Ceytunların onlar gibi olacağını düşünmek için ahmak olmak gerekiyordu. Ceytun ırkı insanların aksine devlet kavramı için yaratılmış gibiydiler. Aile kavramları, kişisel mülkiyet kavramları, yükselme hırsları yoktu. Karınca sürüsü gibiydiler, koloninin hatırı için varlıklarının önemsiz olduklarının farkındaydılar. Ve sistemin yürümesi için hiçbir ayrıcalık gözetmediler. Hatırlıyorum “Bu tür varlıklar yozlaşamaz,” demişti Tuğrul. Onun kafası basardı böyle şeylere, başkalarının daha iyi olduğunu bildiğim konularda önderlik etmelerine fırsat veririm. Zaten beni bu istilanın başına geçiren de bu oldu. Yoksa herkesin birer Nemrut kesildiği bu dönemde tatminkâr bir halk hareketini yönetmek mümkün değildi. Tabii bütün bunlar çocuk vakasından sonra oldu. Onun öncesinde bir Ceytun sempatizanıydım dediğim gibi. Devrimin hikâyesi ise gözü yaşı bir kadınla başladı. diğer birçok şey gibi.
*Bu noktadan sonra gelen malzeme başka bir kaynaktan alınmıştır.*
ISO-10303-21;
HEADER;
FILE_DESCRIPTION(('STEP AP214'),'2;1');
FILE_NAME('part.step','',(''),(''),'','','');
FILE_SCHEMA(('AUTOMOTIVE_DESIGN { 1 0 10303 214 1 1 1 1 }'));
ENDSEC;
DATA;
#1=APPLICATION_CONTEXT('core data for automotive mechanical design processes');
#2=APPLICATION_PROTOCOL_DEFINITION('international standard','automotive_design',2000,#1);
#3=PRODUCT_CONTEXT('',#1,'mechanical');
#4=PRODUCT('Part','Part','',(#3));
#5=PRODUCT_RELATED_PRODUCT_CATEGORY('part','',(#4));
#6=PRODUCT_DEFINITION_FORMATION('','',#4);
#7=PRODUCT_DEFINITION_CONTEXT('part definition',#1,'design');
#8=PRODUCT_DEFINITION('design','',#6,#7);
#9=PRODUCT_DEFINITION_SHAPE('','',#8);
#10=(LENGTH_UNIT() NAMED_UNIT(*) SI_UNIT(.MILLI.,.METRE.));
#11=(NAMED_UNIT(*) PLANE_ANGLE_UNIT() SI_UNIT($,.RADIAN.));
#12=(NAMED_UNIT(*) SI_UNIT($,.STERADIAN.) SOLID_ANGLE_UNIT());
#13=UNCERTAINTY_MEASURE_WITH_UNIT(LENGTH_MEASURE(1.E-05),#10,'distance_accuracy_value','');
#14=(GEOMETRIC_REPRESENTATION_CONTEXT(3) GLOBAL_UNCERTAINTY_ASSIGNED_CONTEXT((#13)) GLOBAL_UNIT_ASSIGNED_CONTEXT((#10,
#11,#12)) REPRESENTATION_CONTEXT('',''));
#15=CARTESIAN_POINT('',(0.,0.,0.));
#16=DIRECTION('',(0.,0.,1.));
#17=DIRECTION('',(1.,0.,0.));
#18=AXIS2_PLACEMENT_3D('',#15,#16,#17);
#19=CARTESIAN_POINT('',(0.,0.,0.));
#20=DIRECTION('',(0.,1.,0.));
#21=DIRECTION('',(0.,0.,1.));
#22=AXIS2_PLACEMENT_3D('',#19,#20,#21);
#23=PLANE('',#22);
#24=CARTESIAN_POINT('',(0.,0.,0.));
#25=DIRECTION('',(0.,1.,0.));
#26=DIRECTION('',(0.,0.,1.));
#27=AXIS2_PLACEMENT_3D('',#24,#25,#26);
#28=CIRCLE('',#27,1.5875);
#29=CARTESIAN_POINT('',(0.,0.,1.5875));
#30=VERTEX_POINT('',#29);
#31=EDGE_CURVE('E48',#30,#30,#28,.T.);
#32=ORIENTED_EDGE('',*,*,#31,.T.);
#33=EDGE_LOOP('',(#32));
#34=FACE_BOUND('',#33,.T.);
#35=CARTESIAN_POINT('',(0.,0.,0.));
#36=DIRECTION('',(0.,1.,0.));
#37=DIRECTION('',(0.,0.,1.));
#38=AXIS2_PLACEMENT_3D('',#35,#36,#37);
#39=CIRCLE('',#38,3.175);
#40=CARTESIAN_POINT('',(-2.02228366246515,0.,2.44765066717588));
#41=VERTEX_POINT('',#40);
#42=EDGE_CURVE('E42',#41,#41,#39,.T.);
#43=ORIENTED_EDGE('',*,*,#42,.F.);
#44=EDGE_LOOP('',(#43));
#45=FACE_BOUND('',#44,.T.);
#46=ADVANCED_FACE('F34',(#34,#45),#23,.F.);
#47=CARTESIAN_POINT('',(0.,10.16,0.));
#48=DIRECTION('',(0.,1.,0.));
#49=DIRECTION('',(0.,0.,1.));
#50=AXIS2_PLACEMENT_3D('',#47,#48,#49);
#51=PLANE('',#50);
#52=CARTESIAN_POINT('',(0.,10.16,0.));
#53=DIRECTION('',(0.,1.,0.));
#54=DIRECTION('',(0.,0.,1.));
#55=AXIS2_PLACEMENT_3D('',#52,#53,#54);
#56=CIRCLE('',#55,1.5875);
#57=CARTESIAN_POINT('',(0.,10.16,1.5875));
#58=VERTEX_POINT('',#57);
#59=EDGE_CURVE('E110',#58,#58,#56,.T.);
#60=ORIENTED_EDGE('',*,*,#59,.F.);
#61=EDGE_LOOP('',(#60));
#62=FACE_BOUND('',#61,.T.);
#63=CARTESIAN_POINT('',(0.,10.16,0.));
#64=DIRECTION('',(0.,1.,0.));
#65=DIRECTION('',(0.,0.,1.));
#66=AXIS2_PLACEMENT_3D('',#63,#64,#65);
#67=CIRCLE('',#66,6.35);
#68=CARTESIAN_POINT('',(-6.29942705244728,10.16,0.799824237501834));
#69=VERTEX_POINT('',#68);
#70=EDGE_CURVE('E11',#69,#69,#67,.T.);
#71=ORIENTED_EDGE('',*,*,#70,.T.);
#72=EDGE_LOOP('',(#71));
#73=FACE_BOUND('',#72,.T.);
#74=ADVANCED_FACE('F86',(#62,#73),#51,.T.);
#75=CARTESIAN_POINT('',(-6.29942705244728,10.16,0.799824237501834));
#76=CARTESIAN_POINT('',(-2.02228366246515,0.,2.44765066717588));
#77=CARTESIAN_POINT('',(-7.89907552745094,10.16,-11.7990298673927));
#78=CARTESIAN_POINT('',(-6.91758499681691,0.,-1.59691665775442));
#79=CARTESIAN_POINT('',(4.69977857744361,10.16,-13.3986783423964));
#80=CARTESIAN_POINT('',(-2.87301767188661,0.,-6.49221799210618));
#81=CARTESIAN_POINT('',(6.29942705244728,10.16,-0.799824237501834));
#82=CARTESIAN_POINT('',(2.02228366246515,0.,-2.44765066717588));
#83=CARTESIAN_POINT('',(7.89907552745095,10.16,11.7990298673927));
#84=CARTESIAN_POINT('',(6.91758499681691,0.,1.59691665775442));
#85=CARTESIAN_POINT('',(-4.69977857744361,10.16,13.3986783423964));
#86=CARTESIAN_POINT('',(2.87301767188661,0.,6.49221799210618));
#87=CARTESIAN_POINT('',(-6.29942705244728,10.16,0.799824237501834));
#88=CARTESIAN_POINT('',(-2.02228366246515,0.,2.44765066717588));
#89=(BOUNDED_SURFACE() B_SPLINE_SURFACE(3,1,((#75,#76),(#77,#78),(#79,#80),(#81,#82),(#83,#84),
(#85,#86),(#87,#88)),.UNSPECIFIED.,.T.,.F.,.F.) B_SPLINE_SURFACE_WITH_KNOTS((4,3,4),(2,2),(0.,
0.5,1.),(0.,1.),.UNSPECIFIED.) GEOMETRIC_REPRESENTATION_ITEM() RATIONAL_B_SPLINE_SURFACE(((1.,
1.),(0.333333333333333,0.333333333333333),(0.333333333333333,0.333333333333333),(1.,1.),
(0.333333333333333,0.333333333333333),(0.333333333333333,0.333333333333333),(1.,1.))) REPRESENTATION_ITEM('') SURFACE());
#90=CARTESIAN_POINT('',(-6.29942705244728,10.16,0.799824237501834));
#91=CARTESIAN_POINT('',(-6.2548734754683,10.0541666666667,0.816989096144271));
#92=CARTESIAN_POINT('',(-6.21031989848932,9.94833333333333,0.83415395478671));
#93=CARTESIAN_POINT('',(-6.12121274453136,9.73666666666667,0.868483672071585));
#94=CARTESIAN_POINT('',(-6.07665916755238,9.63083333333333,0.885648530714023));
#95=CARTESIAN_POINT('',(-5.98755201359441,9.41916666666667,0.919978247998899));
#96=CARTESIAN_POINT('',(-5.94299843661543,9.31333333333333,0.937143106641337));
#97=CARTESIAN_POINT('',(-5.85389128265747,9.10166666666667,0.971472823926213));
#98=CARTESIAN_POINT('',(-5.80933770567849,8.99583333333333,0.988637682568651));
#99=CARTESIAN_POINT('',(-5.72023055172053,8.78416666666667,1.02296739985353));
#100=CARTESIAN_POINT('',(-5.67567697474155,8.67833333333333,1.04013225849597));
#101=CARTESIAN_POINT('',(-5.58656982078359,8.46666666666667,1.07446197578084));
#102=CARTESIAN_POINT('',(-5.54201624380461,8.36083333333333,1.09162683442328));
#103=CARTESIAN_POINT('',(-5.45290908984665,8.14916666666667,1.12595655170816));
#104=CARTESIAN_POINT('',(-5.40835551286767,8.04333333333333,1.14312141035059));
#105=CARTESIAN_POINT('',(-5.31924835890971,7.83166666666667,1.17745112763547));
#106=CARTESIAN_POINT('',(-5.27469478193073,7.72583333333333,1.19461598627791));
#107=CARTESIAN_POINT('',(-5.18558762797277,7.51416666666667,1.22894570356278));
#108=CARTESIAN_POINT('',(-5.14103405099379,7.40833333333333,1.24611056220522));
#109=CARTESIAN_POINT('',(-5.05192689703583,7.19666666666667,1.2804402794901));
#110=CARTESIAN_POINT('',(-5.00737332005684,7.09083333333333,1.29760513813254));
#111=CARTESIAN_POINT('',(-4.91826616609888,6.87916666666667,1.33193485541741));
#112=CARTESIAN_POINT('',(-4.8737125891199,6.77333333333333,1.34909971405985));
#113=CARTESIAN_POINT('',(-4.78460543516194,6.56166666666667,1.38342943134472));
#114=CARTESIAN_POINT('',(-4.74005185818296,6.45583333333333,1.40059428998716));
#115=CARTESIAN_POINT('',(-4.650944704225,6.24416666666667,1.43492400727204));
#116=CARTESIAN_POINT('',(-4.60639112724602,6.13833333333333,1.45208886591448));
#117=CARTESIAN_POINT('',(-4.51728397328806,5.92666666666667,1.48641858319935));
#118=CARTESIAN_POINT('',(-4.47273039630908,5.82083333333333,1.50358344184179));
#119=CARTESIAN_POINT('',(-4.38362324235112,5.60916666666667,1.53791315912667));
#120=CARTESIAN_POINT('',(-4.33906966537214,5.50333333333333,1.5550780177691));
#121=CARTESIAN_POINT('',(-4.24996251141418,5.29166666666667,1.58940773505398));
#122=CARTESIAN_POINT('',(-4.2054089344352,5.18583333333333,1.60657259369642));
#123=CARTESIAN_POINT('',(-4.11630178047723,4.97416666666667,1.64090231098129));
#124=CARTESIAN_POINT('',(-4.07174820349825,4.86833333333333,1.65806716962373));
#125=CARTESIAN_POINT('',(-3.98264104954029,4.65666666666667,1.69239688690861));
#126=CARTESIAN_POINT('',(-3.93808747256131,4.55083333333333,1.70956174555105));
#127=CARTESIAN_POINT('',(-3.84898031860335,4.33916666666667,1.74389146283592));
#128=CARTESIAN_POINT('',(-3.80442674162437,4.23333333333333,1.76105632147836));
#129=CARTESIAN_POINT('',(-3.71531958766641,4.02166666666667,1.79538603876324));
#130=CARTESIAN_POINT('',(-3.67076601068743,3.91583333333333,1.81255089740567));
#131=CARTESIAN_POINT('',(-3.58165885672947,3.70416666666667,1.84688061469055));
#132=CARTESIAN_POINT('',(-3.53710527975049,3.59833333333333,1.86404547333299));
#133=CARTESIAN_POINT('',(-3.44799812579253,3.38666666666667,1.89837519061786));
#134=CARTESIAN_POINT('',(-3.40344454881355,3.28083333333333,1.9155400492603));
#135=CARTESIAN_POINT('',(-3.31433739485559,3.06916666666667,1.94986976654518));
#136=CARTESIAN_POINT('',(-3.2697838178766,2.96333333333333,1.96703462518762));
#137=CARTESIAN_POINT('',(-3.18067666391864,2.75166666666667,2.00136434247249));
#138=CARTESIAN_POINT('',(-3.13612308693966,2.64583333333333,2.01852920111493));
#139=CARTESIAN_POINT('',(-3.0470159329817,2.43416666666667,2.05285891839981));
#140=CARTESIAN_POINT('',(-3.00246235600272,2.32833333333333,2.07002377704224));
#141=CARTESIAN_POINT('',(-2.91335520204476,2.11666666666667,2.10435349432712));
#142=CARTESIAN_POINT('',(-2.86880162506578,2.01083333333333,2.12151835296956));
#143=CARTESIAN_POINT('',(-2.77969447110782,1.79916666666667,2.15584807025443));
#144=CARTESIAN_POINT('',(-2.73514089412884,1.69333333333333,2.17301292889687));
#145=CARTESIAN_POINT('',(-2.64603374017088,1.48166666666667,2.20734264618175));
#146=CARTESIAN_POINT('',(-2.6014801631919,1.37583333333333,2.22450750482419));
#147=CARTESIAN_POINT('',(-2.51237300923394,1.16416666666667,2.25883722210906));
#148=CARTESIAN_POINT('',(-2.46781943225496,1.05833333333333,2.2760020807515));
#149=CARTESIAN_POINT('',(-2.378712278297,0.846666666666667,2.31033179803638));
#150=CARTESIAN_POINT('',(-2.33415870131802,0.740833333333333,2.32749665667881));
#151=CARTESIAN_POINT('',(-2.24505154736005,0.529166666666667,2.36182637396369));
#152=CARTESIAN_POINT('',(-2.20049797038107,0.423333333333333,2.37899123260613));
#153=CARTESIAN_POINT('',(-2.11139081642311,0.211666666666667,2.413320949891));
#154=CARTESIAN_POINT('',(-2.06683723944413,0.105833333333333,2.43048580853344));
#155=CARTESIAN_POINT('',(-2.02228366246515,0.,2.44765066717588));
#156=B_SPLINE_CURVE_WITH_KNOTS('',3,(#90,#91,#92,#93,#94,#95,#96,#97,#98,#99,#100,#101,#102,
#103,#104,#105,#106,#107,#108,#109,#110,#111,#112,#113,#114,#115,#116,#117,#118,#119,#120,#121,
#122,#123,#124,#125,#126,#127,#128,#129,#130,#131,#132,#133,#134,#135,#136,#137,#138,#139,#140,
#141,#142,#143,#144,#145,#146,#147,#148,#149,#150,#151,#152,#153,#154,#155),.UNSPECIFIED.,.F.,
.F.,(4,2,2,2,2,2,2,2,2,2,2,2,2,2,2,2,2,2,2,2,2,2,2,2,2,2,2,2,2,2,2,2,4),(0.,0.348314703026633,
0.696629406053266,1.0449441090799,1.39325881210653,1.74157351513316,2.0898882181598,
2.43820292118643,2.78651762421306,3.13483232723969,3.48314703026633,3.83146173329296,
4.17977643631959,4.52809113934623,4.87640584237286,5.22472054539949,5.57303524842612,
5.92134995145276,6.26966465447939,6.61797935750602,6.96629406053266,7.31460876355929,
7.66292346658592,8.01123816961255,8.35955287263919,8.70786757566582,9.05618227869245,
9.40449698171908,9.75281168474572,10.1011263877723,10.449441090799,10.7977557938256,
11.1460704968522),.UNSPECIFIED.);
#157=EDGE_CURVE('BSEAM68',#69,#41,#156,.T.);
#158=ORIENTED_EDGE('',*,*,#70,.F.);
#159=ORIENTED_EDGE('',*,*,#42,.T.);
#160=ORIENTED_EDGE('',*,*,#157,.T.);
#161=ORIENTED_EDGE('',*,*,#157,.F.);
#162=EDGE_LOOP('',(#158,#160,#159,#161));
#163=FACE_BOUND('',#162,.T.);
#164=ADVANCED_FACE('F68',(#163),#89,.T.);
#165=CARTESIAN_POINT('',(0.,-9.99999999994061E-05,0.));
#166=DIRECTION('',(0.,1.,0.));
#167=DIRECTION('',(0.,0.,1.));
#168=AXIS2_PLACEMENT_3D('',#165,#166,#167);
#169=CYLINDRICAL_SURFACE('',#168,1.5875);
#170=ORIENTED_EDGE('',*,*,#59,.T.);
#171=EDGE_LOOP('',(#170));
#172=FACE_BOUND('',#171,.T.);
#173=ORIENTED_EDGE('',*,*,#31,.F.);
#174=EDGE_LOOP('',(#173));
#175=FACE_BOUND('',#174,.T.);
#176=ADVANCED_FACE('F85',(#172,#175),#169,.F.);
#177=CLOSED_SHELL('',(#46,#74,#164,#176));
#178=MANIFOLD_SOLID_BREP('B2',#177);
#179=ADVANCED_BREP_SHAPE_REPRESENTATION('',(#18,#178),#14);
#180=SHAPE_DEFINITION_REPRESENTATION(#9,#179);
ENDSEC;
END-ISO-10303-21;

Çocuğunun doğumun hemen ardından alıkonulduğundan bahsetti bana yaşlı gözleriyle. O güne kadar haklarında iyi şeyler düşündüğüm Ceytunlara karşı şiddetli bir öfke hissettim bir anda. Yeni doğmuş bir çocuğu annesinden ayırmanın ne demek olduğunun farkında değillerdi. Bu kadar basit bir bilgiden nasıl bihaberlerdi. Anlayamayacaklarının farkındaydım ancak aradan geçen onca yıldan sonra Anne sevgisi gibi yaygın bir duyguyu öğrenmiş olmaları gerekirdi. Hırsla fırladım “Ceytun Yerel Halkla Etkileşim Merkezine.” Yapılan hareketin sebebini ve bunun ciddiyetinin farkında olup olmadıklarını sordum dişlerimin arasından. İlgili Ceytun her zamanki sakinlik ve soğukluğuyla sistemi inceleyerek hızlı bir cevap hazırladı benim için.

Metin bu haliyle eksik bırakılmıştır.